For logistic regression, we take in these features as our input to our function (usually a linear function such as mx + b = y or even a polynomial function, where x represents the input), after which the result from the function is compared against a threshold function (here, for values above a certain threshold say 0.5, predict that the email is spam, while for values below the threshold predict that the email is not spam).
In deep learning we do not need features selection. We usually pass in the data in its raw form and allow the neural network to extract the important data attributes that it needs by itself. So, the first layer of neurons in our neural network will receive the emails as they are, or rather direct numerical representations of the contents of each email (as it is necessary for all non-numerical data to be converted to a numerical representation for easy interaction with the model).
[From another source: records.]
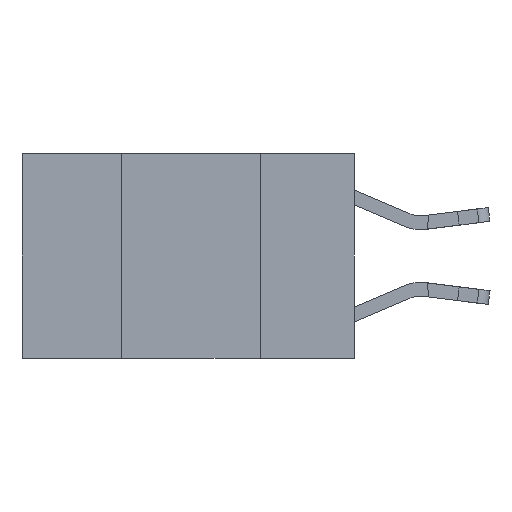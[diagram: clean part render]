
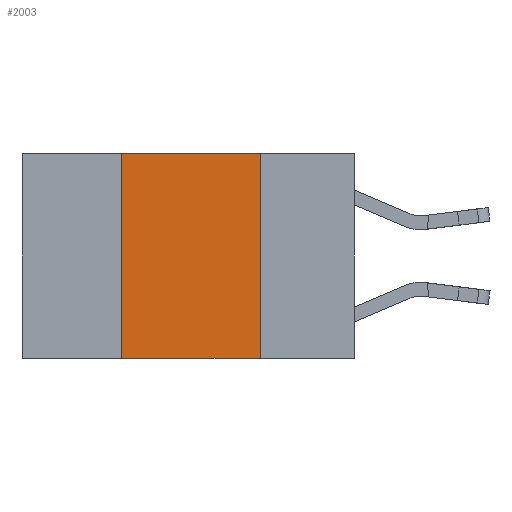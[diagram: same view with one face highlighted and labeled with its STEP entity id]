
A CAD part, left-side view. The second image highlights one B-rep face of the part: STEP entity #2003.
In plain terms, the highlighted planar face has unit normal (-1, 0, 0).
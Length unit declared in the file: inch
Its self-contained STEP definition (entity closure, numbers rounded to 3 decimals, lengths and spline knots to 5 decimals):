
#681 = DIRECTION ( 'NONE',  ( 0., -1., 0. ) ) ;
#1064 = DIRECTION ( 'NONE',  ( 0., 0., -1. ) ) ;
#1441 = CARTESIAN_POINT ( 'NONE',  ( 0., 0.42, 0. ) ) ;
#1599 = CARTESIAN_POINT ( 'NONE',  ( 0., 0.6, 0. ) ) ;
#1678 = EDGE_CURVE ( 'NONE', #5359, #6874, #5334, .T. ) ;
#2003 = ADVANCED_FACE ( 'NONE', ( #9755 ), #8912, .F. ) ;
#2106 = LINE ( 'NONE', #9068, #13258 ) ;
#2488 = DIRECTION ( 'NONE',  ( 0., 0., 1. ) ) ;
#2644 = DIRECTION ( 'NONE',  ( 1., 0., 0. ) ) ;
#2822 = VECTOR ( 'NONE', #2488, 39.37008 ) ;
#2999 = CARTESIAN_POINT ( 'NONE',  ( 0., 0.17, -0.37 ) ) ;
#5112 = EDGE_CURVE ( 'NONE', #12624, #6874, #6840, .T. ) ;
#5182 = ORIENTED_EDGE ( 'NONE', *, *, #10324, .F. ) ;
#5334 = LINE ( 'NONE', #8357, #11219 ) ;
#5359 = VERTEX_POINT ( 'NONE', #6616 ) ;
#5599 = LINE ( 'NONE', #1441, #2822 ) ;
#6616 = CARTESIAN_POINT ( 'NONE',  ( 0., 0.17, 0. ) ) ;
#6840 = LINE ( 'NONE', #7269, #11725 ) ;
#6874 = VERTEX_POINT ( 'NONE', #2999 ) ;
#7009 = ORIENTED_EDGE ( 'NONE', *, *, #1678, .F. ) ;
#7269 = CARTESIAN_POINT ( 'NONE',  ( 0., 0.6, -0.37 ) ) ;
#7712 = EDGE_CURVE ( 'NONE', #12624, #12133, #5599, .T. ) ;
#8202 = EDGE_LOOP ( 'NONE', ( #7009, #5182, #11068, #9291 ) ) ;
#8301 = DIRECTION ( 'NONE',  ( 0., -1., 0. ) ) ;
#8357 = CARTESIAN_POINT ( 'NONE',  ( 0., 0.17, 0. ) ) ;
#8912 = PLANE ( 'NONE',  #10052 ) ;
#9068 = CARTESIAN_POINT ( 'NONE',  ( 0., 0.6, 0. ) ) ;
#9291 = ORIENTED_EDGE ( 'NONE', *, *, #5112, .T. ) ;
#9755 = FACE_OUTER_BOUND ( 'NONE', #8202, .T. ) ;
#9968 = DIRECTION ( 'NONE',  ( 0., 0., -1. ) ) ;
#10052 = AXIS2_PLACEMENT_3D ( 'NONE', #1599, #2644, #9968 ) ;
#10324 = EDGE_CURVE ( 'NONE', #12133, #5359, #2106, .T. ) ;
#11068 = ORIENTED_EDGE ( 'NONE', *, *, #7712, .F. ) ;
#11219 = VECTOR ( 'NONE', #1064, 39.37008 ) ;
#11238 = CARTESIAN_POINT ( 'NONE',  ( 0., 0.42, -0.37 ) ) ;
#11725 = VECTOR ( 'NONE', #8301, 39.37008 ) ;
#12133 = VERTEX_POINT ( 'NONE', #12913 ) ;
#12624 = VERTEX_POINT ( 'NONE', #11238 ) ;
#12913 = CARTESIAN_POINT ( 'NONE',  ( 0., 0.42, 0. ) ) ;
#13258 = VECTOR ( 'NONE', #681, 39.37008 ) ;

Several approaches for understanding and visualizing Convolutional Networks have been developed in the literature, and it was discovered that each layer in a deep convolutional neural network is usually dedicated to detecting the presence of a particular detail or feature in the input data.
This means there is no need for the expertise usually needed for good feature selection during a model like logistic regression. In a nutshell, we say that deep learning does not require structured data (data with appropriate features) unlike other machine learning models.
And that is awesome news, because I do not need to be a medical doctor to be able to train a deep learning model on how to detect cancer from images of patients; all I need is data! And more importantly we can save time and effort used up in performing feature selection, extraction and engineering. Please note that feature selection and feature engineering for most real-world problems can be very tasking and the success of your models greatly depends on the kind of features you choose.
The second reason is that deep learning has achieved unbeatable results in solutions for most of our very challenging real-world problems. Problems like image classification, object detection, image segmentation, visual relationship identification, natural language processing, speech to text processing, etc. have been solved to an astonishing degree using deep neural networks. We can also use deep learning for tabular data classification and regression problems like the famous Titanic- Predict Survival and Housing Prices problems.